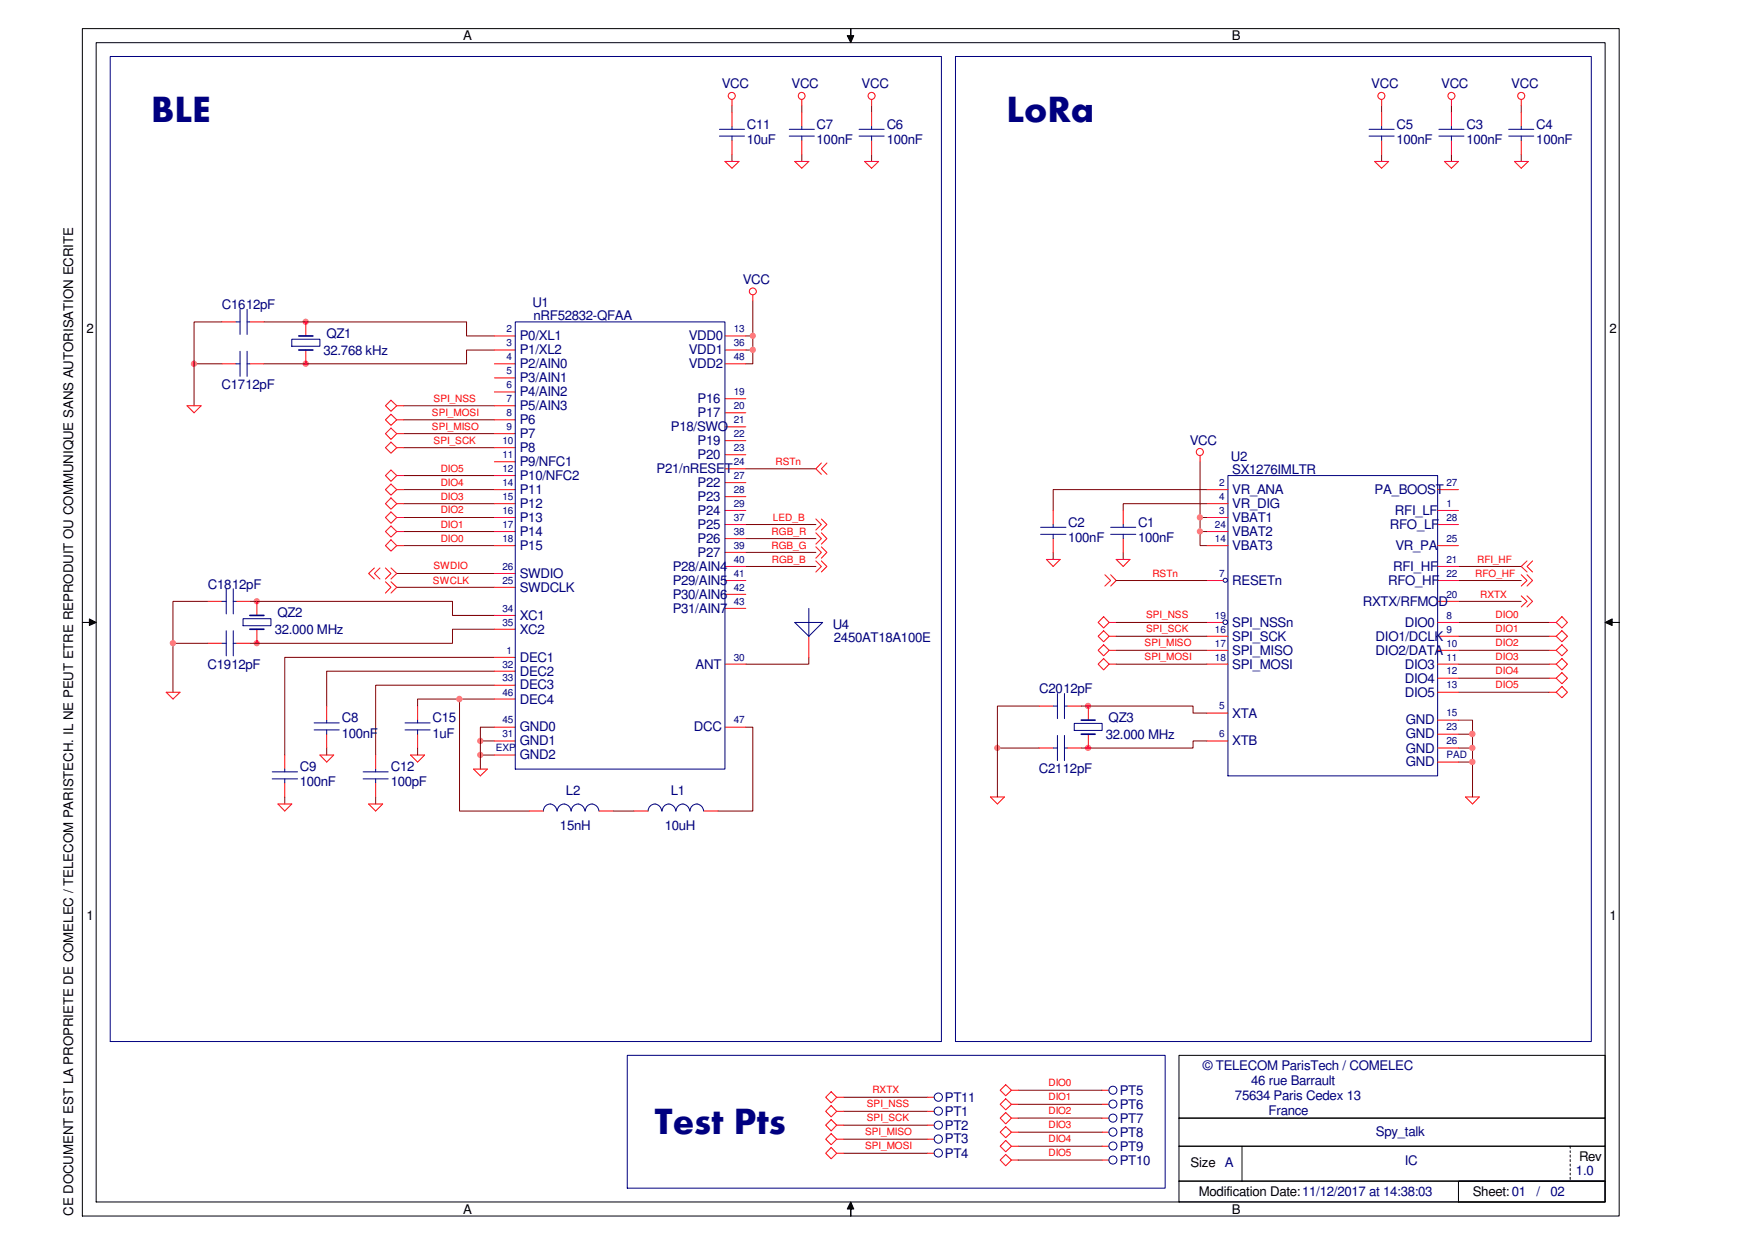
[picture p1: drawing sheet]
<svg xmlns="http://www.w3.org/2000/svg" width="297mm" height="210mm" viewBox="0 0 297 210" stroke-linecap="round" stroke-linejoin="round" font-family="sans-serif">
<path d="M202.3 77.9v14.1h1.2M202.3 89.6h1.2M188.2 104.9h15.3M188.2 107.3h15.3M188.2 109.6h15.3M188.2 112h15.3" fill="none" stroke="#800000" stroke-width=".17"/>
<circle cx="202.3" cy="89.6" r=".45" fill="#f0f"/>
<circle cx="202.3" cy="89.6" r=".45" fill="none" stroke="#f0f" stroke-width=".17"/>
<path d="M202.3 87.2h1.2" fill="none" stroke="#800000" stroke-width=".17"/>
<circle cx="202.3" cy="87.2" r=".45" fill="#f0f"/>
<circle cx="202.3" cy="87.2" r=".45" fill="none" stroke="#f0f" stroke-width=".17"/>
<g fill="none" stroke="#800000" stroke-width=".17">
<path d="M123.4 17.8v1.2M135.2 17.8v1.2M146.9 17.8v1.2M232.9 17.8v1.2M244.7 17.8v1.2M256.5 17.8v1.2M123.4 26v1.2M135.2 26v1.2M146.9 26v1.2M232.9 26v1.2M244.7 26v1.2M256.5 26v1.2"/>
<path d="M177.5 93.1v1.2M189.4 93.1v1.2M81 127.3h2.4"/>
</g>
<circle cx="81" cy="127.3" r=".44" fill="#f0f"/>
<circle cx="81" cy="127.3" r=".44" fill="none" stroke="#f0f" stroke-width=".17"/>
<path d="M81 124.9h2.4" fill="none" stroke="#800000" stroke-width=".17"/>
<circle cx="81" cy="124.9" r=".44" fill="#f0f"/>
<circle cx="81" cy="124.9" r=".44" fill="none" stroke="#f0f" stroke-width=".17"/>
<path d="M125.7 59h1.2M126.9 50.8v10.5h-1.2M83.4 117.9h-13v1.1M83.4 115.5h-20.1v11.8M83.4 113.2h-28.3v5.8M83.4 110.8h-35.4v16.5M48 134.4v1.2M55.1 126.1v1.2M63.3 134.4v1.2M70.4 126.1v1.2M83.4 122.6h-2.4v7.1" fill="none" stroke="#800000" stroke-width=".17"/>
<circle cx="126.9" cy="59" r=".44" fill="#f0f"/>
<circle cx="126.9" cy="59" r=".44" fill="none" stroke="#f0f" stroke-width=".17"/>
<path d="M125.7 56.6h1.2" fill="none" stroke="#800000" stroke-width=".17"/>
<circle cx="126.9" cy="56.6" r=".44" fill="#f0f"/>
<circle cx="126.9" cy="56.6" r=".44" fill="none" stroke="#f0f" stroke-width=".17"/>
<path d="M68 68.4h15.4M68 70.8h15.4M68 73.1h15.4M68 75.5h15.4M77.5 117.9v18.8h11.7M136.4 110.8v1.2h-10.7M103.4 136.7h3.5M125.7 122.6h1.2v14.1h-5.9" fill="none" stroke="#800000" stroke-width=".17"/>
<circle cx="77.4" cy="117.9" r=".46" fill="#f0f"/>
<circle cx="77.4" cy="117.9" r=".46" fill="none" stroke="#f0f" stroke-width=".17"/>
<path d="M32.7 61.3h4.7M203.5 84.9h-14.1v1.2M203.5 82.5h-26v3.6" fill="none" stroke="#800000" stroke-width=".17"/>
<circle cx="32.7" cy="61.3" r=".45" fill="#f0f"/>
<circle cx="32.7" cy="61.3" r=".45" fill="none" stroke="#f0f" stroke-width=".17"/>
<path d="M37.4 54.3h-4.7v14.1M51.6 61.3h.1" fill="none" stroke="#800000" stroke-width=".17"/>
<circle cx="51.5" cy="61.3" r=".45" fill="#f0f"/>
<circle cx="51.5" cy="61.3" r=".45" fill="none" stroke="#f0f" stroke-width=".17"/>
<path d="M51.6 54.3h.1" fill="none" stroke="#800000" stroke-width=".17"/>
<circle cx="51.5" cy="54.3" r=".45" fill="#f0f"/>
<circle cx="51.5" cy="54.3" r=".45" fill="none" stroke="#f0f" stroke-width=".17"/>
<path d="M125.7 79h11.8M188.2 97.9h15.3M43.3 101.4h.1" fill="none" stroke="#800000" stroke-width=".17"/>
<circle cx="43.3" cy="101.4" r=".44" fill="#f0f"/>
<circle cx="43.3" cy="101.4" r=".44" fill="none" stroke="#f0f" stroke-width=".17"/>
<path d="M29.2 108.5h5.8M35 101.4h-5.8v15.3" fill="none" stroke="#800000" stroke-width=".17"/>
<circle cx="29.1" cy="108.4" r=".44" fill="#f0f"/>
<circle cx="29.1" cy="108.4" r=".44" fill="none" stroke="#f0f" stroke-width=".17"/>
<path d="M43.3 108.5h.1" fill="none" stroke="#800000" stroke-width=".17"/>
<circle cx="43.3" cy="108.4" r=".44" fill="#f0f"/>
<circle cx="43.3" cy="108.4" r=".44" fill="none" stroke="#f0f" stroke-width=".17"/>
<path d="M44.5 54.3h34.2v2.3h4.7M83.4 59h-4.7v2.3h-34.2M183.5 119h.1" fill="none" stroke="#800000" stroke-width=".17"/>
<circle cx="183.4" cy="119" r=".46" fill="#f0f"/>
<circle cx="183.4" cy="119" r=".46" fill="none" stroke="#f0f" stroke-width=".17"/>
<path d="M168.1 126.1h7.1" fill="none" stroke="#800000" stroke-width=".17"/>
<circle cx="168.1" cy="126.1" r=".44" fill="#f0f"/>
<circle cx="168.1" cy="126.1" r=".44" fill="none" stroke="#f0f" stroke-width=".17"/>
<path d="M175.2 119h-7.1v15.4M183.5 126.1h.1" fill="none" stroke="#800000" stroke-width=".17"/>
<circle cx="183.4" cy="126.1" r=".45" fill="#f0f"/>
<circle cx="183.4" cy="126.1" r=".45" fill="none" stroke="#f0f" stroke-width=".17"/>
<path d="M42.1 101.4h34.2v2.4h7.1M83.4 106.1h-7.1v2.4h-34.2M182.3 119h18.8v1.2h2.4M203.5 124.9h-2.4v1.2h-18.8M245.9 121.4h2.3v13M245.9 128.5h2.3" fill="none" stroke="#800000" stroke-width=".17"/>
<circle cx="248.2" cy="128.5" r=".46" fill="#f0f"/>
<circle cx="248.2" cy="128.5" r=".46" fill="none" stroke="#f0f" stroke-width=".17"/>
<path d="M245.9 126.1h2.3" fill="none" stroke="#800000" stroke-width=".17"/>
<circle cx="248.2" cy="126.1" r=".45" fill="#f0f"/>
<circle cx="248.2" cy="126.1" r=".45" fill="none" stroke="#f0f" stroke-width=".17"/>
<path d="M245.9 123.8h2.3" fill="none" stroke="#800000" stroke-width=".17"/>
<circle cx="248.2" cy="123.7" r=".46" fill="#f0f"/>
<circle cx="248.2" cy="123.7" r=".46" fill="none" stroke="#f0f" stroke-width=".17"/>
<g fill="none" stroke="#800000" stroke-width=".17">
<path d="M66.9 96.7h16.5M66.9 99h16.5M68 80.2h15.4M68 82.5h15.4M68 84.9h15.4M68 87.2h15.4M68 89.6h15.4M68 92h15.4M125.7 95.5h11.8M125.7 88.4h11.8M125.7 90.8h11.8M125.7 93.1h11.8"/>
<path d="M245.9 95.5h10.6M245.9 97.9h10.6M245.9 101.4h10.6M245.9 104.9h15.3M245.9 107.3h15.3M245.9 109.6h15.3M245.9 112h15.3M245.9 114.3h15.3M245.9 116.7h15.3M142.2 194.4h14.2M142.2 192.1h14.2M142.2 189.7h14.2"/>
<path d="M142.2 187.4h14.2M142.2 185h14.2M171.7 183.8h14.1M171.7 186.2h14.1M171.7 188.5h14.1M171.7 190.9h14.1M171.7 193.3h14.1M171.7 195.6h14.1"/>
</g>
<g fill="#000">
<path d="M143.4 4.8v1.2h.5l-.5 1.2-.6-1.2h.6z" fill-rule="evenodd"/>
<path d="M13.9 104.9h1.2v-.5l1.1 .5-1.1 .6v-.6z" fill-rule="evenodd"/>
<path d="M270.6 104.9l1.2-.5v.5h1.2h-1.2v.6z" fill-rule="evenodd"/>
<path d="M143.4 202.6l.5 1.2h-.5v1.2v-1.2h-.6z" fill-rule="evenodd"/>
</g>
<g fill="none" stroke="#000" stroke-width=".17">
<path d="M13.9 4.8h259.1v200.2h-259.1zM16.2 7.2h254.4v195.4h-254.4zM143.4 4.8v1.2h.5l-.5 1.2-.6-1.2h.6zM13.9 104.9h1.2v-.5l1.1 .5-1.1 .6v-.6zM270.6 104.9l1.2-.5v.5h1.2h-1.2v.6zM198.8 177.9h71.8v10.6h-71.8zM198.8 199.1h71.8v3.5h-71.8zM198.8 188.5h71.8v4.8h-71.8zM198.8 193.3h71.8v5.8h-71.8zM209.4 193.3v5.8M245.9 199.1h24.7v3.5h-24.7zM264.7 193.3v.3"/>
<path d="M264.7 194v.3M264.7 194.7v.4M264.7 195.5v.3M264.7 196.3v.3M264.7 197v.4M264.7 197.8v.3M264.7 198.5v.3M143.4 202.6l.5 1.2h-.5v1.2v-1.2h-.6z"/>
</g>
<g fill="none" stroke="#000080" stroke-width=".17">
<path d="M18.6 9.5h140.1v166.1h-140.1zM161.1 9.5h107.2v166.1h-107.2zM121.3 21.8h4.2M121.3 22.9h4.2M123.4 21.3v.5M123.4 22.9v.8M133.1 21.8h4.2M133.1 22.9h4.2M135.2 21.3v.5M135.2 22.9v.8M144.8 21.8h4.3M144.8 22.9h4.3"/>
<path d="M146.9 21.3v.5M146.9 22.9v.8M230.8 21.8h4.2M230.8 22.9h4.2M232.9 21.3v.5M232.9 22.9v.8M242.6 21.8h4.2M242.6 22.9h4.2M244.7 21.3v.5M244.7 22.9v.8M254.3 21.8h4.3M254.3 22.9h4.3"/>
<path d="M256.5 21.3v.5M256.5 22.9v.8M39.8 54.3h.7M40.5 52.2v4.2M40.5 59.2v4.3M41.7 52.2v4.2M41.7 59.2v4.3M41.7 54.3h.4M49.2 57.2h4.7v1.2h-4.7zM86.9 54.3h35.3v75.4h-35.3zM39.8 61.3h.7M41.7 61.3h.4"/>
<path d="M38.1 99.3v4.2M39.3 99.3v4.2M175.4 88.9h4.3M175.4 90.1h4.3M177.5 88.4v.5M177.5 90.1v.7M187.2 88.9h4.3M187.2 90.1h4.3M189.4 88.4v.5M189.4 90.1v.7M207 80.2h35.4v50.6h-35.4zM37.4 101.4h.7"/>
<path d="M37.4 108.5h.7M38.1 106.3v4.3M39.3 106.3v4.3M39.3 101.4h.5M39.3 108.5h.5M41 104.3h4.7v1.2h-4.7zM134 104.9h4.7l-2.3 2.4zM136.4 102.6v4.7M177.5 119h.8M178.3 116.9v4.3M179.4 116.9v4.3M179.4 119h.5"/>
<path d="M45.9 130.1h4.3M45.9 131.3h4.3M48 129.7v.4M48 131.3v.7M53 121.9h4.2M53 123.1h4.2M55.1 121.4v.5M55.1 123.1v.7M61.2 130.1h4.2M61.2 131.3h4.2M63.3 129.7v.4M63.3 131.3v.7"/>
<path d="M68.3 121.9h4.2M68.3 123.1h4.2M70.4 121.4v.5M70.4 123.1v.7M91.6 136.7a1.14 1.14 0 0 1 1.1-1.1 1.14 1.14 0 0 1 1.2 1.1M93.9 136.7a1.16 1.16 0 0 1 1.2-1.1 1.16 1.16 0 0 1 1.2 1.1M96.3 136.7a1.14 1.14 0 0 1 1.1-1.1 1.14 1.14 0 0 1 1.2 1.1M98.7 136.7a1.14 1.14 0 0 1 1.1-1.1 1.14 1.14 0 0 1 1.2 1.1M109.3 136.7a1.14 1.14 0 0 1 1.1-1.1 1.14 1.14 0 0 1 1.1 1.1M111.6 136.7a1.14 1.14 0 0 1 1.2-1.1 1.14 1.14 0 0 1 1.1 1.1M114 136.7a1.16 1.16 0 0 1 1.1-1.1 1.16 1.16 0 0 1 1.2 1.1M116.3 136.7a1.14 1.14 0 0 1 1.2-1.1 1.14 1.14 0 0 1 1.1 1.1"/>
<path d="M177.5 126.1h.8M178.3 124v4.2M179.4 124v4.2M179.4 126.1h.5M181.1 122h4.7v1.1h-4.7zM105.7 177.9h90.7v22.4h-90.7z"/>
<circle cx="206.6" cy="97.8" r=".35"/>
<circle cx="206.6" cy="104.9" r=".4"/>
<circle cx="158.2" cy="192" r=".69"/>
<circle cx="158.2" cy="185" r=".69"/>
<circle cx="158.2" cy="187.3" r=".69"/>
<circle cx="158.2" cy="194.4" r=".69"/>
<circle cx="158.2" cy="189.7" r=".69"/>
<circle cx="187.6" cy="190.9" r=".68"/>
<circle cx="187.6" cy="183.8" r=".68"/>
<circle cx="187.6" cy="195.6" r=".68"/>
<circle cx="187.6" cy="186.1" r=".68"/>
<circle cx="187.6" cy="188.5" r=".68"/>
<circle cx="187.6" cy="193.2" r=".68"/>
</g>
■ ■ ■ ■ ■
▸ Your instructions
If a line in the records contains the string "evenodd", copy it out.

▸ Output below
<path d="M143.4 4.8v1.2h.5l-.5 1.2-.6-1.2h.6z" fill-rule="evenodd"/>
<path d="M13.9 104.9h1.2v-.5l1.1 .5-1.1 .6v-.6z" fill-rule="evenodd"/>
<path d="M270.6 104.9l1.2-.5v.5h1.2h-1.2v.6z" fill-rule="evenodd"/>
<path d="M143.4 202.6l.5 1.2h-.5v1.2v-1.2h-.6z" fill-rule="evenodd"/>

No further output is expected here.